**HOW TO COMPLETE THIS TASK**. Review the material line by line. Identify and copy every line that contains the string "call".

**SOURCE DATA**.
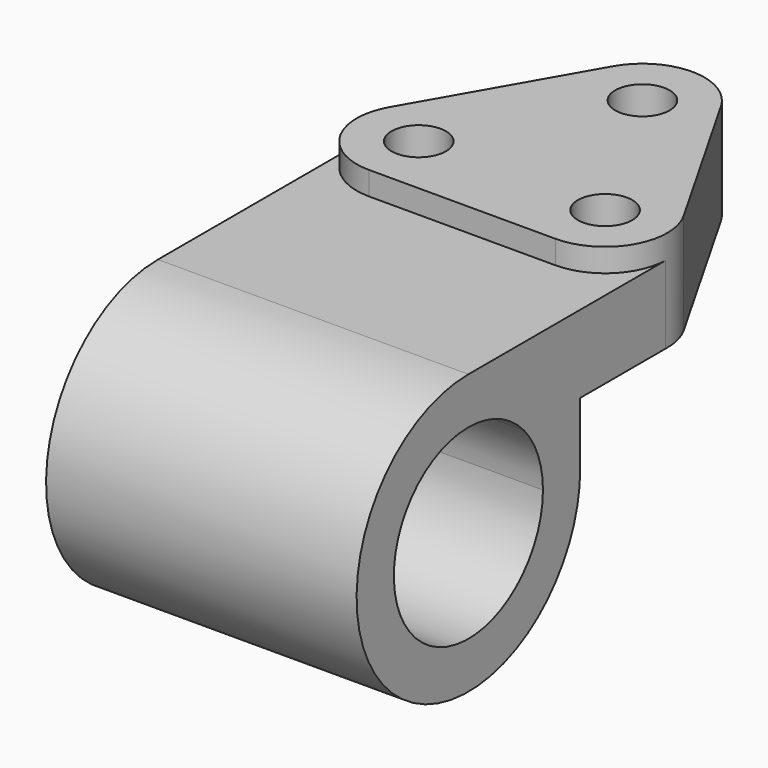
from build123d import *

# Parameters (mm, degrees)
F0_R          = 5.5626
F1_DEPTH      = 20.6502
F2_W          = 63.493296
F2_H          = 50.8
F3_DEPTH      = 15.875
F4_DEPTH      = 20.6512
F6_DEPTH      = 50.793296
F6_DEPTH_BACK = 12.7
F7_DEPTH      = 12.701
F7_DEPTH_BACK = 50.801
F8_DEPTH      = 23.8125
F9_DEPTH      = 14.2875


with BuildPart() as f1:
    # F0 (on Top) → F1 (new body)
    with BuildSketch(Plane.XY):
        with BuildLine():
            Line((8.022279, 52.349355), (-11.027721, 18.999155))
            ThreePointArc((-11.027721, 18.999155), (-10.983835, 6.324628), (0, 0))
            Line((0, 0), (38.1, 0))
            ThreePointArc((38.1, 0), (49.083835, 6.324628), (49.127721, 18.999155))
            Line((49.127721, 18.999155), (30.077721, 52.349355))
            ThreePointArc((30.077721, 52.349355), (19.05, 58.7502), (8.022279, 52.349355))
        make_face()
        with Locations((0, 12.7)):
            Circle(F0_R, mode=Mode.SUBTRACT)
        with Locations((38.1, 12.7)):
            Circle(F0_R, mode=Mode.SUBTRACT)
        with Locations((19.05, 46.0502)):
            Circle(F0_R, mode=Mode.SUBTRACT)
    extrude(amount=F1_DEPTH)

    # F2 (on Top) → F3 (join)
    with BuildSketch(Plane.XY):
        with Locations((19.046648, -12.7)):
            Rectangle(F2_W, F2_H)
    extrude(amount=F3_DEPTH)

    # F0 (on Top) → F4 (cut, through all)
    with BuildSketch(Plane.XY):
        with Locations((0, 12.7)):
            Circle(F0_R)
        with Locations((38.1, 12.7)):
            Circle(F0_R)
    extrude(amount=F4_DEPTH, mode=Mode.SUBTRACT)

    # F5 (on Right) → F6 (join, two sides)
    with BuildSketch(Plane.YZ) as f6_sk:
        with BuildLine():
            Line((-38.1, 6.35), (-38.1, 15.875))
            ThreePointArc((-38.1, 15.875), (-65.572384, -20.561217), (-22.984243, -36.949629))
            ThreePointArc((-22.984243, -36.949629), (-13.115371, -26.567189), (-9.525, -12.7))
            Line((-9.525, -12.7), (-9.525, 0))
            Line((-9.525, 0), (-23.900968, 0))
            ThreePointArc((-23.900968, 0), (-20.304017, -5.902539), (-19.05, -12.7))
            ThreePointArc((-19.05, -12.7), (-51.570384, -26.170384), (-38.1, 6.35))
        make_face()
    extrude(amount=F6_DEPTH)
    extrude(f6_sk.sketch, amount=-F6_DEPTH_BACK)

    # F5 (on Right) → F7 (cut, two sides)
    with BuildSketch(Plane.YZ) as f7_sk:
        with BuildLine():
            ThreePointArc((-23.900968, 0), (-30.32287, 4.690191), (-38.1, 6.35))
            ThreePointArc((-38.1, 6.35), (-51.570384, -26.170384), (-19.05, -12.7))
            ThreePointArc((-19.05, -12.7), (-20.304017, -5.902539), (-23.900968, 0))
        make_face()
    extrude(amount=-F7_DEPTH, mode=Mode.SUBTRACT)
    extrude(f7_sk.sketch, amount=F7_DEPTH_BACK, mode=Mode.SUBTRACT)

    # F5 (on Right) → F8 (join)
    with BuildSketch(Plane.YZ):
        with BuildLine():
            ThreePointArc((-9.525, -12.7), (-13.115371, -26.567189), (-22.984243, -36.949629))
            Line((-22.984243, -36.949629), (36.292628, 0))
            Line((36.292628, 0), (12.28739, 0))
            Line((12.28739, 0), (-9.525, 0))
            Line((-9.525, 0), (-9.525, -12.7))
        make_face()
    extrude(amount=F8_DEPTH)

    # F5 (on Right) → F9 (cut)
    with BuildSketch(Plane.YZ):
        with BuildLine():
            ThreePointArc((-9.525, -12.7), (-13.115371, -26.567189), (-22.984243, -36.949629))
            Line((-22.984243, -36.949629), (36.292628, 0))
            Line((36.292628, 0), (12.28739, 0))
            Line((12.28739, 0), (-9.525, 0))
            Line((-9.525, 0), (-9.525, -12.7))
        make_face()
    extrude(amount=F9_DEPTH, mode=Mode.SUBTRACT)


solid = f1.part
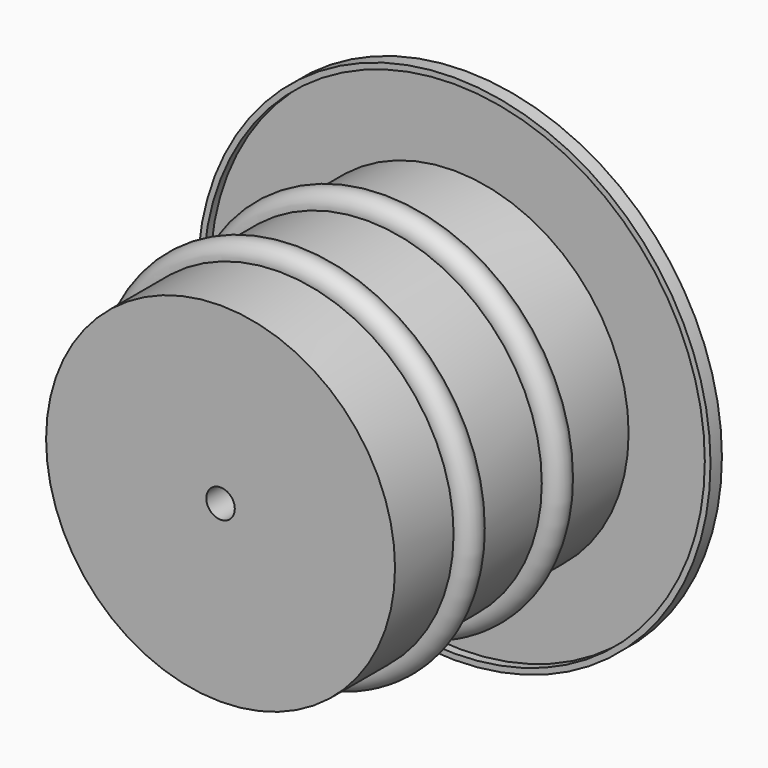
from build123d import *

# Parameters (mm, degrees)
F0_R     = 114.3
F0_R_2   = 77.7875
F1_DEPTH = 6.35
F2_DEPTH = 203.2
F3_DEPTH = 101.6
F4_R     = 6.35
F5_DEPTH = 101.601
F6_T     = -2.54
F7_DEPTH = 9.525
F8_DEPTH = 25.4
F9_R     = 6.35


# Not quite as in the source:
# - a shell that OpenCascade refuses in one call is made with other operations: the cavity is built on its own and cut out


with BuildPart() as f1:
    # F0 (on Front) → F1 (new body)
    with BuildSketch(Plane.XZ):
        Circle(F0_R)
        Circle(F0_R_2, mode=Mode.SUBTRACT)
    extrude(amount=F1_DEPTH)

    # F0 (on Front) → F2 (join)
    with BuildSketch(Plane.XZ):
        Circle(F0_R_2)
    extrude(amount=F2_DEPTH)

    # F3 (cut): a face of the model
    f3_faces = [f1.faces().sort_by_distance(p)[0] for p in [
        (0, -203.2, 0),
    ]]
    extrude(f3_faces, amount=-F3_DEPTH, mode=Mode.SUBTRACT)

    # F4 (on face) → F5 (cut, through all)
    with BuildSketch(Plane.XZ.offset(101.6)):
        Circle(F4_R)
    extrude(amount=-F5_DEPTH, mode=Mode.SUBTRACT)

    # F6: a shell. OpenCascade refuses it in one call, so the cavity is built on its own and cut out:
    # the body offset inwards by the wall thickness, plus a prism from it out through each open face.
    f6_core = offset(f1.part, amount=F6_T, kind=Kind.INTERSECTION, mode=Mode.PRIVATE)
    f6_exits = [f6_core.faces().sort_by_distance(p)[0] for p in [
        (-78.40855, -3.81, 0),
    ]]
    add(f6_core, mode=Mode.SUBTRACT)
    extrude(f6_exits, amount=-F6_T, mode=Mode.SUBTRACT)

    # F7 (add): a face of the model
    f7_faces = [f1.faces().sort_by_distance(p)[0] for p in [
        (-75.5873372503, -101.6, 0),
    ]]
    extrude(f7_faces, amount=F7_DEPTH)

    # F8 (add): a face of the model
    f8_faces = [f1.faces().sort_by_distance(p)[0] for p in [
        (-75.5873372503, -111.125, 0),
    ]]
    extrude(f8_faces, amount=F8_DEPTH)

    # F9 (on Right) → F10 (revolve)
    with BuildSketch(Plane.YZ):
        with Locations((-48.4295338392, 78.518204391)):
            Circle(F9_R)
        with Locations((-97.5811034441, 78.518204391)):
            Circle(F9_R)
    revolve(axis=Axis((0, -136.525, 0), (0, -1, 0)))


solid = f1.part

**EXPECTED OUTPUT**.
# - a shell that OpenCascade refuses in one call is made with other operations: the cavity is built on its own and cut out
    # F6: a shell. OpenCascade refuses it in one call, so the cavity is built on its own and cut out:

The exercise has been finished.